__Task brief__:
Your answer should contain only the lines from the top of the data below down through the one with "line L1 (11, -36.0919) -> (11, -76.0919)", transcribed exactly and without pictures; please include nothing more.

__Records to process__:

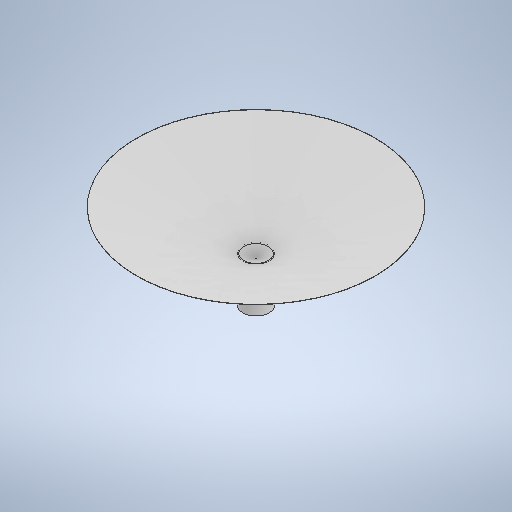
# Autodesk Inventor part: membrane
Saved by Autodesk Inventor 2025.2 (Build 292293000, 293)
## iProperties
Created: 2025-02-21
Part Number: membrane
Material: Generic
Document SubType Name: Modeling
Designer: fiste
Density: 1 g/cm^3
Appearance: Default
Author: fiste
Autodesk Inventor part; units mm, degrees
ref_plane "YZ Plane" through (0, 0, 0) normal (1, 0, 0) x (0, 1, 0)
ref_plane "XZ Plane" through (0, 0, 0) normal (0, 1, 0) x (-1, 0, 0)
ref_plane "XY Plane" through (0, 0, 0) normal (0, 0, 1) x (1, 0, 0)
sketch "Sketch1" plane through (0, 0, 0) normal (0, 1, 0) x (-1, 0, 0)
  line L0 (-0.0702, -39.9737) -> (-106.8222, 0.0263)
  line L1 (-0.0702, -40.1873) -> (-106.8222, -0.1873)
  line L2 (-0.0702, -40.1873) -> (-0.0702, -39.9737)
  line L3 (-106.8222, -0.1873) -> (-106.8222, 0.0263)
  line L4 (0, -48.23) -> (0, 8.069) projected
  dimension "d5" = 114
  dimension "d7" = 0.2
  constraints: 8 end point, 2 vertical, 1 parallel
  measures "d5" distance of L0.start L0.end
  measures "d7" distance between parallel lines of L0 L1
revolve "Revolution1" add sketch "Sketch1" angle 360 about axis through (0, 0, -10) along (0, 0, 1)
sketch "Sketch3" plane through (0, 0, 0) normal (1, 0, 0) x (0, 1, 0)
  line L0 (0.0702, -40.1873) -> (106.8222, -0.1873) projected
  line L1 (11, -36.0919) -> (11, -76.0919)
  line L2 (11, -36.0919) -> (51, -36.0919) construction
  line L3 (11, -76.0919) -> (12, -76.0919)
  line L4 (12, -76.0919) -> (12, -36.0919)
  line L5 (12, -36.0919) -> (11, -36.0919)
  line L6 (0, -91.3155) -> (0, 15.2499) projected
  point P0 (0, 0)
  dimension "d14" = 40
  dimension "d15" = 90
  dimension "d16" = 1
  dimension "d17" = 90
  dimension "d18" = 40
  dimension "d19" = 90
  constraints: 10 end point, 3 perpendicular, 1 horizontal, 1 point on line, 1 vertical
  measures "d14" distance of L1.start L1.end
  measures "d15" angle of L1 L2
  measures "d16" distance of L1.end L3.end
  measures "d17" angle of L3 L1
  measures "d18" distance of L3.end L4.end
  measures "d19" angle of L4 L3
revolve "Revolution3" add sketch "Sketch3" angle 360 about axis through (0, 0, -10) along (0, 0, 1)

__Answer to the exercise__:
# Autodesk Inventor part: membrane
Saved by Autodesk Inventor 2025.2 (Build 292293000, 293)
## iProperties
Created: 2025-02-21
Part Number: membrane
Material: Generic
Document SubType Name: Modeling
Designer: fiste
Density: 1 g/cm^3
Appearance: Default
Author: fiste
Autodesk Inventor part; units mm, degrees
ref_plane "YZ Plane" through (0, 0, 0) normal (1, 0, 0) x (0, 1, 0)
ref_plane "XZ Plane" through (0, 0, 0) normal (0, 1, 0) x (-1, 0, 0)
ref_plane "XY Plane" through (0, 0, 0) normal (0, 0, 1) x (1, 0, 0)
sketch "Sketch1" plane through (0, 0, 0) normal (0, 1, 0) x (-1, 0, 0)
  line L0 (-0.0702, -39.9737) -> (-106.8222, 0.0263)
  line L1 (-0.0702, -40.1873) -> (-106.8222, -0.1873)
  line L2 (-0.0702, -40.1873) -> (-0.0702, -39.9737)
  line L3 (-106.8222, -0.1873) -> (-106.8222, 0.0263)
  line L4 (0, -48.23) -> (0, 8.069) projected
  dimension "d5" = 114
  dimension "d7" = 0.2
  constraints: 8 end point, 2 vertical, 1 parallel
  measures "d5" distance of L0.start L0.end
  measures "d7" distance between parallel lines of L0 L1
revolve "Revolution1" add sketch "Sketch1" angle 360 about axis through (0, 0, -10) along (0, 0, 1)
sketch "Sketch3" plane through (0, 0, 0) normal (1, 0, 0) x (0, 1, 0)
  line L0 (0.0702, -40.1873) -> (106.8222, -0.1873) projected
  line L1 (11, -36.0919) -> (11, -76.0919)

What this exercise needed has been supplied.